= Beginning of Section =

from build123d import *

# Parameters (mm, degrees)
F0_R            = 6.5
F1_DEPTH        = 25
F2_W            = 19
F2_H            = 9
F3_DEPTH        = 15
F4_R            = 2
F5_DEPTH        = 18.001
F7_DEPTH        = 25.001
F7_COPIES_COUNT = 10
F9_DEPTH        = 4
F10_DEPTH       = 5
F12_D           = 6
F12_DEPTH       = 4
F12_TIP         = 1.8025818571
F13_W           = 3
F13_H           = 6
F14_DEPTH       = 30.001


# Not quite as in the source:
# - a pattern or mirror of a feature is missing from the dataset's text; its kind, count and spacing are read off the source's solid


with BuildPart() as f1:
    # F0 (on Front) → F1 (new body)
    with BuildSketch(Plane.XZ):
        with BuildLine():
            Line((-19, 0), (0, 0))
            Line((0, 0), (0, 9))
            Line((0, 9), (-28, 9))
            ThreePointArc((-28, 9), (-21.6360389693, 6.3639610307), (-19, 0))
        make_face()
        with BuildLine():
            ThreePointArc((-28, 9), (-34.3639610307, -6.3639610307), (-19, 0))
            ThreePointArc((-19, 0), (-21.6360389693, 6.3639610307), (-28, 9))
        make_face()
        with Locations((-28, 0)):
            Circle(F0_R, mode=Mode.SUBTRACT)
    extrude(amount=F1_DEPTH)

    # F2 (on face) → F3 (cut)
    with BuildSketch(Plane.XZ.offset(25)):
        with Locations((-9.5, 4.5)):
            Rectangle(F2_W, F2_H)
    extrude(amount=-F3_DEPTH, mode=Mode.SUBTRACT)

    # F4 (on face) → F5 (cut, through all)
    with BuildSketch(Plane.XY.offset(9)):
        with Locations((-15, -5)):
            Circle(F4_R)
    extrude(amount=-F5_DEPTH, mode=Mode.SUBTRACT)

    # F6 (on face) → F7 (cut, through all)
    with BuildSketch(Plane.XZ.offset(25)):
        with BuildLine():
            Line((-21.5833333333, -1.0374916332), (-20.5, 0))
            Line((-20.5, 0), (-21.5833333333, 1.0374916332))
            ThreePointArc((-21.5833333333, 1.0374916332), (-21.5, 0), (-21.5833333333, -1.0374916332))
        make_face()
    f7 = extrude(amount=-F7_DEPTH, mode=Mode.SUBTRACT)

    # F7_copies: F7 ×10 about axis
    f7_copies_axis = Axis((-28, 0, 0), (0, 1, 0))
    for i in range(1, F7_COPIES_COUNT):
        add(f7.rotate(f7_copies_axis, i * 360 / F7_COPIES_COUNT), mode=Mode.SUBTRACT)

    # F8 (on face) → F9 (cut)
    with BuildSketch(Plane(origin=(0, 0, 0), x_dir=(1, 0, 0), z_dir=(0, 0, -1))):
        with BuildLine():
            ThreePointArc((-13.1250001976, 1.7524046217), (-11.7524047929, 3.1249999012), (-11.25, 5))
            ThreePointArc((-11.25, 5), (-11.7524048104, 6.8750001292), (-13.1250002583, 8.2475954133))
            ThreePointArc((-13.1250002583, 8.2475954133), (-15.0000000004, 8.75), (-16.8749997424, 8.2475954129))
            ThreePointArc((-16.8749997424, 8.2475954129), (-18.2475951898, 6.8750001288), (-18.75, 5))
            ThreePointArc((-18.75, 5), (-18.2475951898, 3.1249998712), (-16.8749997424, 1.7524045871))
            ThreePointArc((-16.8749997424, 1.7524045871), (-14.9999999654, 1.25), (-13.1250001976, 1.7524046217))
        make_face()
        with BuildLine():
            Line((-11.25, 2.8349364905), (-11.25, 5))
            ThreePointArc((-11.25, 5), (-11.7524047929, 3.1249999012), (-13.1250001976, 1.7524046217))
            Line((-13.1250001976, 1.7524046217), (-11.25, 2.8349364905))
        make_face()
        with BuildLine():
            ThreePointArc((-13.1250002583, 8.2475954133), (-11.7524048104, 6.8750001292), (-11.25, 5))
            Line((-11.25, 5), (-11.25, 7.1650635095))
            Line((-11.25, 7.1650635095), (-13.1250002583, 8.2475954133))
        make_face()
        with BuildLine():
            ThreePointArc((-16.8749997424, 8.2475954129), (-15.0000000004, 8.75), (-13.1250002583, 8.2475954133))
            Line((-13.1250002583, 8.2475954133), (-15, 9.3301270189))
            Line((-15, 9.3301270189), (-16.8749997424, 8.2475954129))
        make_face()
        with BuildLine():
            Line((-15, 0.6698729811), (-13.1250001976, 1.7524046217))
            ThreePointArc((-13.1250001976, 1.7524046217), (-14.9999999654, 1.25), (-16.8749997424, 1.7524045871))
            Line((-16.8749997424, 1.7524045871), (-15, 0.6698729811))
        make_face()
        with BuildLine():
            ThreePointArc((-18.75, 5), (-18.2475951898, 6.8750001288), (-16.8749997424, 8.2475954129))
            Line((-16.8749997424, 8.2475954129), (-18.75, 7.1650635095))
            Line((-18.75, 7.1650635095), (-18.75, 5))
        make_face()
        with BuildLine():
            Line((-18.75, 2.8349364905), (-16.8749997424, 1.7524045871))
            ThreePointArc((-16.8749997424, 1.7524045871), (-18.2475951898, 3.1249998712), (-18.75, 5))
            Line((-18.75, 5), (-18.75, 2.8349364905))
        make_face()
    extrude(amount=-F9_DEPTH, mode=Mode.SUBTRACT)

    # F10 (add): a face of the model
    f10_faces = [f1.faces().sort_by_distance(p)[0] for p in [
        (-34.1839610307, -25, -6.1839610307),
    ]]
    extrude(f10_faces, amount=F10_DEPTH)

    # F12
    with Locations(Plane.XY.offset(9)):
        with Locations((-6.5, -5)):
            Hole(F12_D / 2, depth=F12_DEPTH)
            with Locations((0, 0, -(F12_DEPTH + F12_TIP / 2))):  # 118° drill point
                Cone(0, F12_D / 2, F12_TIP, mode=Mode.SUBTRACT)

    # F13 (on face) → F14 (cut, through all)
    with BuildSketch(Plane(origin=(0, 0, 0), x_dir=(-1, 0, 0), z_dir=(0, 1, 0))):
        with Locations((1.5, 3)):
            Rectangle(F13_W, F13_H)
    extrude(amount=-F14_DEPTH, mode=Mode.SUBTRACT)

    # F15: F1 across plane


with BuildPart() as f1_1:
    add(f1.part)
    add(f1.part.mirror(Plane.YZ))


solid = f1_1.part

= End of Section =

EXERCISE DESCRIPTION
The records above are to be returned exactly as they appear.

RESULT
from build123d import *

# Parameters (mm, degrees)
F0_R            = 6.5
F1_DEPTH        = 25
F2_W            = 19
F2_H            = 9
F3_DEPTH        = 15
F4_R            = 2
F5_DEPTH        = 18.001
F7_DEPTH        = 25.001
F7_COPIES_COUNT = 10
F9_DEPTH        = 4
F10_DEPTH       = 5
F12_D           = 6
F12_DEPTH       = 4
F12_TIP         = 1.8025818571
F13_W           = 3
F13_H           = 6
F14_DEPTH       = 30.001


# Not quite as in the source:
# - a pattern or mirror of a feature is missing from the dataset's text; its kind, count and spacing are read off the source's solid


with BuildPart() as f1:
    # F0 (on Front) → F1 (new body)
    with BuildSketch(Plane.XZ):
        with BuildLine():
            Line((-19, 0), (0, 0))
            Line((0, 0), (0, 9))
            Line((0, 9), (-28, 9))
            ThreePointArc((-28, 9), (-21.6360389693, 6.3639610307), (-19, 0))
        make_face()
        with BuildLine():
            ThreePointArc((-28, 9), (-34.3639610307, -6.3639610307), (-19, 0))
            ThreePointArc((-19, 0), (-21.6360389693, 6.3639610307), (-28, 9))
        make_face()
        with Locations((-28, 0)):
            Circle(F0_R, mode=Mode.SUBTRACT)
    extrude(amount=F1_DEPTH)

    # F2 (on face) → F3 (cut)
    with BuildSketch(Plane.XZ.offset(25)):
        with Locations((-9.5, 4.5)):
            Rectangle(F2_W, F2_H)
    extrude(amount=-F3_DEPTH, mode=Mode.SUBTRACT)

    # F4 (on face) → F5 (cut, through all)
    with BuildSketch(Plane.XY.offset(9)):
        with Locations((-15, -5)):
            Circle(F4_R)
    extrude(amount=-F5_DEPTH, mode=Mode.SUBTRACT)

    # F6 (on face) → F7 (cut, through all)
    with BuildSketch(Plane.XZ.offset(25)):
        with BuildLine():
            Line((-21.5833333333, -1.0374916332), (-20.5, 0))
            Line((-20.5, 0), (-21.5833333333, 1.0374916332))
            ThreePointArc((-21.5833333333, 1.0374916332), (-21.5, 0), (-21.5833333333, -1.0374916332))
        make_face()
    f7 = extrude(amount=-F7_DEPTH, mode=Mode.SUBTRACT)

    # F7_copies: F7 ×10 about axis
    f7_copies_axis = Axis((-28, 0, 0), (0, 1, 0))
    for i in range(1, F7_COPIES_COUNT):
        add(f7.rotate(f7_copies_axis, i * 360 / F7_COPIES_COUNT), mode=Mode.SUBTRACT)

    # F8 (on face) → F9 (cut)
    with BuildSketch(Plane(origin=(0, 0, 0), x_dir=(1, 0, 0), z_dir=(0, 0, -1))):
        with BuildLine():
            ThreePointArc((-13.1250001976, 1.7524046217), (-11.7524047929, 3.1249999012), (-11.25, 5))
            ThreePointArc((-11.25, 5), (-11.7524048104, 6.8750001292), (-13.1250002583, 8.2475954133))
            ThreePointArc((-13.1250002583, 8.2475954133), (-15.0000000004, 8.75), (-16.8749997424, 8.2475954129))
            ThreePointArc((-16.8749997424, 8.2475954129), (-18.2475951898, 6.8750001288), (-18.75, 5))
            ThreePointArc((-18.75, 5), (-18.2475951898, 3.1249998712), (-16.8749997424, 1.7524045871))
            ThreePointArc((-16.8749997424, 1.7524045871), (-14.9999999654, 1.25), (-13.1250001976, 1.7524046217))
        make_face()
        with BuildLine():
            Line((-11.25, 2.8349364905), (-11.25, 5))
            ThreePointArc((-11.25, 5), (-11.7524047929, 3.1249999012), (-13.1250001976, 1.7524046217))
            Line((-13.1250001976, 1.7524046217), (-11.25, 2.8349364905))
        make_face()
        with BuildLine():
            ThreePointArc((-13.1250002583, 8.2475954133), (-11.7524048104, 6.8750001292), (-11.25, 5))
            Line((-11.25, 5), (-11.25, 7.1650635095))
            Line((-11.25, 7.1650635095), (-13.1250002583, 8.2475954133))
        make_face()
        with BuildLine():
            ThreePointArc((-16.8749997424, 8.2475954129), (-15.0000000004, 8.75), (-13.1250002583, 8.2475954133))
            Line((-13.1250002583, 8.2475954133), (-15, 9.3301270189))
            Line((-15, 9.3301270189), (-16.8749997424, 8.2475954129))
        make_face()
        with BuildLine():
            Line((-15, 0.6698729811), (-13.1250001976, 1.7524046217))
            ThreePointArc((-13.1250001976, 1.7524046217), (-14.9999999654, 1.25), (-16.8749997424, 1.7524045871))
            Line((-16.8749997424, 1.7524045871), (-15, 0.6698729811))
        make_face()
        with BuildLine():
            ThreePointArc((-18.75, 5), (-18.2475951898, 6.8750001288), (-16.8749997424, 8.2475954129))
            Line((-16.8749997424, 8.2475954129), (-18.75, 7.1650635095))
            Line((-18.75, 7.1650635095), (-18.75, 5))
        make_face()
        with BuildLine():
            Line((-18.75, 2.8349364905), (-16.8749997424, 1.7524045871))
            ThreePointArc((-16.8749997424, 1.7524045871), (-18.2475951898, 3.1249998712), (-18.75, 5))
            Line((-18.75, 5), (-18.75, 2.8349364905))
        make_face()
    extrude(amount=-F9_DEPTH, mode=Mode.SUBTRACT)

    # F10 (add): a face of the model
    f10_faces = [f1.faces().sort_by_distance(p)[0] for p in [
        (-34.1839610307, -25, -6.1839610307),
    ]]
    extrude(f10_faces, amount=F10_DEPTH)

    # F12
    with Locations(Plane.XY.offset(9)):
        with Locations((-6.5, -5)):
            Hole(F12_D / 2, depth=F12_DEPTH)
            with Locations((0, 0, -(F12_DEPTH + F12_TIP / 2))):  # 118° drill point
                Cone(0, F12_D / 2, F12_TIP, mode=Mode.SUBTRACT)

    # F13 (on face) → F14 (cut, through all)
    with BuildSketch(Plane(origin=(0, 0, 0), x_dir=(-1, 0, 0), z_dir=(0, 1, 0))):
        with Locations((1.5, 3)):
            Rectangle(F13_W, F13_H)
    extrude(amount=-F14_DEPTH, mode=Mode.SUBTRACT)

    # F15: F1 across plane


with BuildPart() as f1_1:
    add(f1.part)
    add(f1.part.mirror(Plane.YZ))


solid = f1_1.part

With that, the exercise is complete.